In Hong Kong, historically, bank notes are issued by a few designated commercial banks. The colony adopted the silver standard before its collapse in the 1930s. In 1935, Hong Kong moved to a 'currency board' system. However, no currency board actually existed. Instead, an 'exchange fund' was created and controlled by the colonial treasurer, and it acted as the ultimate backing of for the notes issued by three designated note-issuing banks (NIBs). In issuing HK$ bank notes, the three NIBs had to deposit sterling at a fixed rae with the exchange fund, receiving in exchange certificates of indebtedness, with which the NIBs could issue equivalent amounts of notes.

Prior to 1972, Hong Kong, as a member of the Sterling Area, was under foreign-exchange control empowered by the UK's finance regulations of 1939. When sterling was floated in 1972, foreign-exchange controls applicable to the Sterling Area were dismantled. After a period (1974-9183) in which the HK$ was floated, the currency was pegged to the US$ at the rate of HK$7.80/US$ under a "linked exchange rate system" (commonly called 'the link'). The link (which is still in effect) was a rescue measure in a crisis caused by the dispute between China and Great Britain over the future of the colony. The link is a resurrection of the 'currency board' scheme adopted in the territory between 1935-1972. Hong Kong does not have a central bank (although a montary authority was established in 1993). Because HK$ are pegged to US$, Hong Kong's monetary policy is, in effect, made in Washington, D.C., by the Federal Reserve.

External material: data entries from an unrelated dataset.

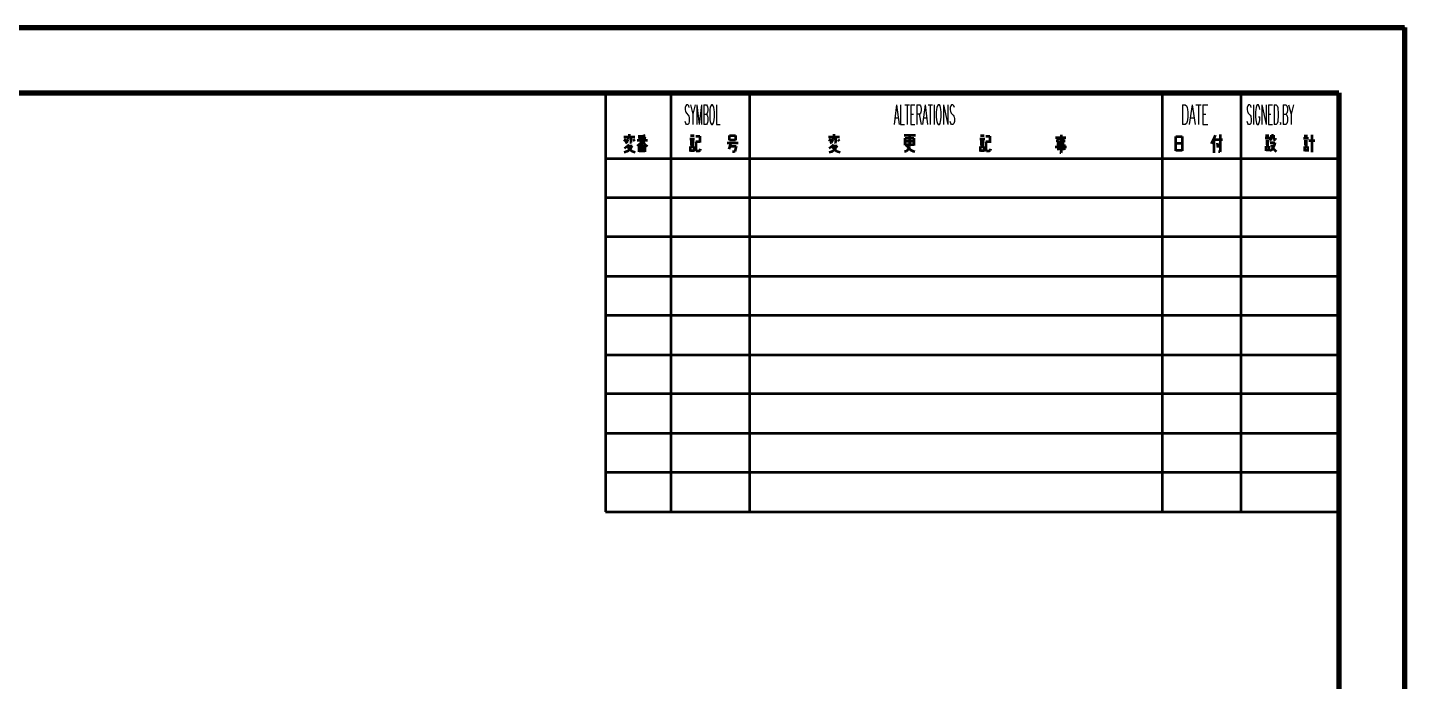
# Model space of a CAD drawing. Header units: millimetres. Extents: x 1333 to 104182, y -63725 to -5704.
# Drawn here: x 47329 to 47539.2, y -63231 to -63131.2 of the extents above; entities that cross this region are included whole.
import ezdxf
from ezdxf.enums import TextEntityAlignment as Align

# ---------------------------------------------------------------- set-up
doc = ezdxf.new("R2010")
doc.units = ezdxf.units.MM
doc.header["$LTSCALE"] = 0.5
doc.layers.add('11', color=3, linetype='Continuous')
doc.styles.get("Standard").update_dxf_attribs({"font": 'simplex.shx'})

msp = doc.modelspace()

# ---------------------------------------------------------------- linework, layer by layer
at = {"color": 7, "lineweight": 70}
for p, q in [((46698.214, -63131.16), (47539.214, -63131.16)), ((47539.214, -63131.16), (47539.214, -63725.16)), ((46723.214, -63141.16), (47529.214, -63141.16)), ((47529.214, -63141.16), (47529.214, -63715.16))]:
    msp.add_line(p, q, dxfattribs=at)
at = {"color": 7, "lineweight": 35}
for p, q in [((47417.214, -63141.16), (47417.214, -63205.16)), ((47417.214, -63141.16), (47417.214, -63205.16)), ((47427.214, -63141.16), (47427.214, -63205.16)), ((47427.214, -63141.16), (47427.214, -63205.16)), ((47439.214, -63141.16), (47439.214, -63205.16)), ((47439.214, -63141.16), (47439.214, -63205.16)), ((47502.214, -63141.16), (47502.214, -63205.16)), ((47502.214, -63141.16), (47502.214, -63205.16)), ((47514.214, -63142.015), (47514.214, -63205.16)), ((47514.214, -63142.015), (47514.214, -63205.16)), ((47417.214, -63151.16), (47529.214, -63151.16)), ((47417.214, -63151.16), (47529.214, -63151.16)), ((47417.214, -63157.16), (47529.214, -63157.16)), ((47417.214, -63157.16), (47529.214, -63157.16)), ((47529.214, -63163.16), (47417.214, -63163.16)), ((47529.214, -63163.16), (47417.214, -63163.16)), ((47417.214, -63169.16), (47529.214, -63169.16)), ((47417.214, -63169.16), (47529.214, -63169.16)), ((47529.214, -63175.16), (47417.214, -63175.16)), ((47529.214, -63175.16), (47417.214, -63175.16)), ((47417.214, -63181.16), (47529.214, -63181.16)), ((47417.214, -63181.16), (47529.214, -63181.16)), ((47529.214, -63187.16), (47417.214, -63187.16)), ((47529.214, -63187.16), (47417.214, -63187.16)), ((47417.214, -63193.16), (47529.214, -63193.16)), ((47417.214, -63193.16), (47529.214, -63193.16)), ((47529.214, -63199.16), (47417.214, -63199.16)), ((47529.214, -63199.16), (47417.214, -63199.16)), ((47417.214, -63205.16), (47529.214, -63205.16)), ((47417.214, -63205.16), (47529.214, -63205.16))]:
    msp.add_line(p, q, dxfattribs=at)
at = {"color": 7, "lineweight": 35, "ltscale": 0.021387}
msp.add_line((47514.214, -63141.16), (47514.214, -63142.015), dxfattribs=at)
msp.add_line((47514.214, -63141.16), (47514.214, -63142.015), dxfattribs=at)
at = {"color": 7, "lineweight": 35, "ltscale": 0.042102}
for p, q in [((47420.012, -63147.843), (47421.696, -63147.843)), ((47420.012, -63147.843), (47421.696, -63147.843)), ((47451.286, -63147.854), (47452.97, -63147.854)), ((47451.286, -63147.854), (47452.97, -63147.854))]:
    msp.add_line(p, q, dxfattribs=at)
at = {"color": 7, "lineweight": 35, "ltscale": 0.011789}
msp.add_line((47420.302, -63148.148), (47420.082, -63148.565), dxfattribs=at)
msp.add_line((47420.302, -63148.148), (47420.082, -63148.565), dxfattribs=at)
at = {"color": 7, "lineweight": 35, "ltscale": 0.014817}
msp.add_line((47420.645, -63148.231), (47420.416, -63148.777), dxfattribs=at)
msp.add_line((47420.645, -63148.231), (47420.416, -63148.777), dxfattribs=at)
at = {"color": 7, "lineweight": 35, "ltscale": 0.009754}
msp.add_line((47420.689, -63147.843), (47420.645, -63148.231), dxfattribs=at)
msp.add_line((47420.689, -63147.843), (47420.645, -63148.231), dxfattribs=at)
at = {"color": 7, "lineweight": 35, "ltscale": 0.009991}
msp.add_line((47420.83, -63147.443), (47420.83, -63147.843), dxfattribs=at)
msp.add_line((47420.83, -63147.443), (47420.83, -63147.843), dxfattribs=at)
at = {"color": 7, "lineweight": 35, "ltscale": 0.021887}
msp.add_line((47421.063, -63147.843), (47421.063, -63148.718), dxfattribs=at)
msp.add_line((47421.063, -63147.843), (47421.063, -63148.718), dxfattribs=at)
at = {"color": 7, "lineweight": 35, "ltscale": 0.00831}
msp.add_line((47421.445, -63148.248), (47421.639, -63148.519), dxfattribs=at)
msp.add_line((47421.445, -63148.248), (47421.639, -63148.519), dxfattribs=at)
at = {"color": 7, "lineweight": 35, "ltscale": 0.039355}
msp.add_line((47422.042, -63148.355), (47423.616, -63148.355), dxfattribs=at)
msp.add_line((47422.042, -63148.355), (47423.616, -63148.355), dxfattribs=at)
at = {"color": 7, "lineweight": 35, "ltscale": 0.015064}
msp.add_line((47422.2, -63147.761), (47422.802, -63147.767), dxfattribs=at)
msp.add_line((47422.2, -63147.761), (47422.802, -63147.767), dxfattribs=at)
at = {"color": 7, "lineweight": 35, "ltscale": 0.00671}
msp.add_line((47422.362, -63147.973), (47422.468, -63148.219), dxfattribs=at)
msp.add_line((47422.362, -63147.973), (47422.468, -63148.219), dxfattribs=at)
at = {"color": 7, "lineweight": 35, "ltscale": 0.009843}
msp.add_line((47422.741, -63148.355), (47422.591, -63148.719), dxfattribs=at)
msp.add_line((47422.741, -63148.355), (47422.591, -63148.719), dxfattribs=at)
at = {"color": 7, "lineweight": 35, "ltscale": 0.012538}
msp.add_line((47422.802, -63147.767), (47423.282, -63147.62), dxfattribs=at)
msp.add_line((47422.802, -63147.767), (47423.282, -63147.62), dxfattribs=at)
at = {"color": 7, "lineweight": 35, "ltscale": 0.030411}
msp.add_line((47422.802, -63147.767), (47422.802, -63148.983), dxfattribs=at)
msp.add_line((47422.802, -63147.767), (47422.802, -63148.983), dxfattribs=at)
at = {"color": 7, "lineweight": 35, "ltscale": 0.008952}
msp.add_line((47422.895, -63148.355), (47423.005, -63148.695), dxfattribs=at)
msp.add_line((47422.895, -63148.355), (47423.005, -63148.695), dxfattribs=at)
at = {"color": 7, "lineweight": 35, "ltscale": 0.010111}
msp.add_line((47423.212, -63147.884), (47423.097, -63148.272), dxfattribs=at)
msp.add_line((47423.212, -63147.884), (47423.097, -63148.272), dxfattribs=at)
at = {"color": 7, "lineweight": 35, "ltscale": 0.018872}
msp.add_line((47430.073, -63148.163), (47430.828, -63148.163), dxfattribs=at)
msp.add_line((47430.073, -63148.163), (47430.828, -63148.163), dxfattribs=at)
at = {"color": 7, "lineweight": 35, "ltscale": 0.014844}
msp.add_line((47430.137, -63148.551), (47430.731, -63148.551), dxfattribs=at)
msp.add_line((47430.137, -63148.551), (47430.731, -63148.551), dxfattribs=at)
at = {"color": 7, "lineweight": 35, "ltscale": 0.014014}
msp.add_line((47430.176, -63147.685), (47430.737, -63147.685), dxfattribs=at)
msp.add_line((47430.176, -63147.685), (47430.737, -63147.685), dxfattribs=at)
at = {"color": 7, "lineweight": 35, "ltscale": 0.01499}
for p, q in [((47430.995, -63147.743), (47431.595, -63147.743)), ((47430.995, -63147.743), (47431.595, -63147.743)), ((47475.283, -63147.745), (47475.883, -63147.745)), ((47475.283, -63147.745), (47475.883, -63147.745))]:
    msp.add_line(p, q, dxfattribs=at)
at = {"color": 7, "lineweight": 35, "ltscale": 0.025369}
for p, q in [((47431.595, -63147.743), (47431.595, -63148.758)), ((47431.595, -63147.743), (47431.595, -63148.758)), ((47475.883, -63147.745), (47475.883, -63148.76)), ((47475.883, -63147.745), (47475.883, -63148.76))]:
    msp.add_line(p, q, dxfattribs=at)
at = {"color": 7, "lineweight": 35, "ltscale": 0.017297}
msp.add_line((47436.146, -63148.377), (47436.146, -63147.685), dxfattribs=at)
msp.add_line((47436.146, -63148.377), (47436.146, -63147.685), dxfattribs=at)
at = {"color": 7, "lineweight": 35, "ltscale": 0.022888}
for p, q in [((47436.146, -63147.685), (47437.062, -63147.685)), ((47436.146, -63147.685), (47437.062, -63147.685)), ((47437.062, -63148.398), (47436.146, -63148.398)), ((47437.062, -63148.398), (47436.146, -63148.398))]:
    msp.add_line(p, q, dxfattribs=at)
at = {"color": 7, "lineweight": 35, "ltscale": 0.017828}
msp.add_line((47437.062, -63147.685), (47437.062, -63148.398), dxfattribs=at)
msp.add_line((47437.062, -63147.685), (47437.062, -63148.398), dxfattribs=at)
at = {"color": 7, "lineweight": 35, "ltscale": 0.011795}
msp.add_line((47451.577, -63148.16), (47451.357, -63148.577), dxfattribs=at)
msp.add_line((47451.577, -63148.16), (47451.357, -63148.577), dxfattribs=at)
at = {"color": 7, "lineweight": 35, "ltscale": 0.014806}
msp.add_line((47451.92, -63148.242), (47451.691, -63148.789), dxfattribs=at)
msp.add_line((47451.92, -63148.242), (47451.691, -63148.789), dxfattribs=at)
at = {"color": 7, "lineweight": 35, "ltscale": 0.009761}
msp.add_line((47451.964, -63147.854), (47451.92, -63148.242), dxfattribs=at)
msp.add_line((47451.964, -63147.854), (47451.92, -63148.242), dxfattribs=at)
at = {"color": 7, "lineweight": 35, "ltscale": 0.009985}
for p, q in [((47452.104, -63147.455), (47452.104, -63147.854)), ((47452.104, -63147.455), (47452.104, -63147.854)), ((47523.984, -63149.336), (47524.383, -63149.336)), ((47523.984, -63149.336), (47524.383, -63149.336)), ((47523.984, -63149.924), (47524.383, -63149.924)), ((47523.984, -63149.924), (47524.383, -63149.924))]:
    msp.add_line(p, q, dxfattribs=at)
at = {"color": 7, "lineweight": 35, "ltscale": 0.021893}
msp.add_line((47452.338, -63147.854), (47452.338, -63148.73), dxfattribs=at)
msp.add_line((47452.338, -63147.854), (47452.338, -63148.73), dxfattribs=at)
at = {"color": 7, "lineweight": 35, "ltscale": 0.008315}
msp.add_line((47452.72, -63148.26), (47452.914, -63148.53), dxfattribs=at)
msp.add_line((47452.72, -63148.26), (47452.914, -63148.53), dxfattribs=at)
at = {"color": 7, "lineweight": 35, "ltscale": 0.042236}
msp.add_line((47462.838, -63147.627), (47464.527, -63147.627), dxfattribs=at)
msp.add_line((47462.838, -63147.627), (47464.527, -63147.627), dxfattribs=at)
at = {"color": 7, "lineweight": 35, "ltscale": 0.032397}
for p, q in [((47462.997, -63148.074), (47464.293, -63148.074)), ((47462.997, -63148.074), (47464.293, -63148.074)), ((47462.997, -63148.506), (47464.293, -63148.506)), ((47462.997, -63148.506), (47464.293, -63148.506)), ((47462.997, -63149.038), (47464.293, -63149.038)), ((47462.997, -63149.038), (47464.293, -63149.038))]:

Upon colonization in 1843, the British distributed land to private interests on the basis of their ability to pay. Many of the original lot purchasers were more interested in speculation (fueled by the scaricty of land) than in establishing residences and so the government established land-lease terms. Land management became the chief means by which the colonial government raised revenues. Today the government owns all the land. The purchase of land-use rights goes to the highest bidders. One result is an unsightly mess imposed on what may have been the world's most spectacular natural harbor. Joseph Schumpeter's conception of 'creative destruction' is on display everywhere as industrial factories give way to opulent hotels which, in turn, give way to office spires in only a few years. This 'land policy' is a cornerstone of Hong Kong's economy. The profitability of major firms depends heavily on earnings from real estate that reflects the earning power of tenants.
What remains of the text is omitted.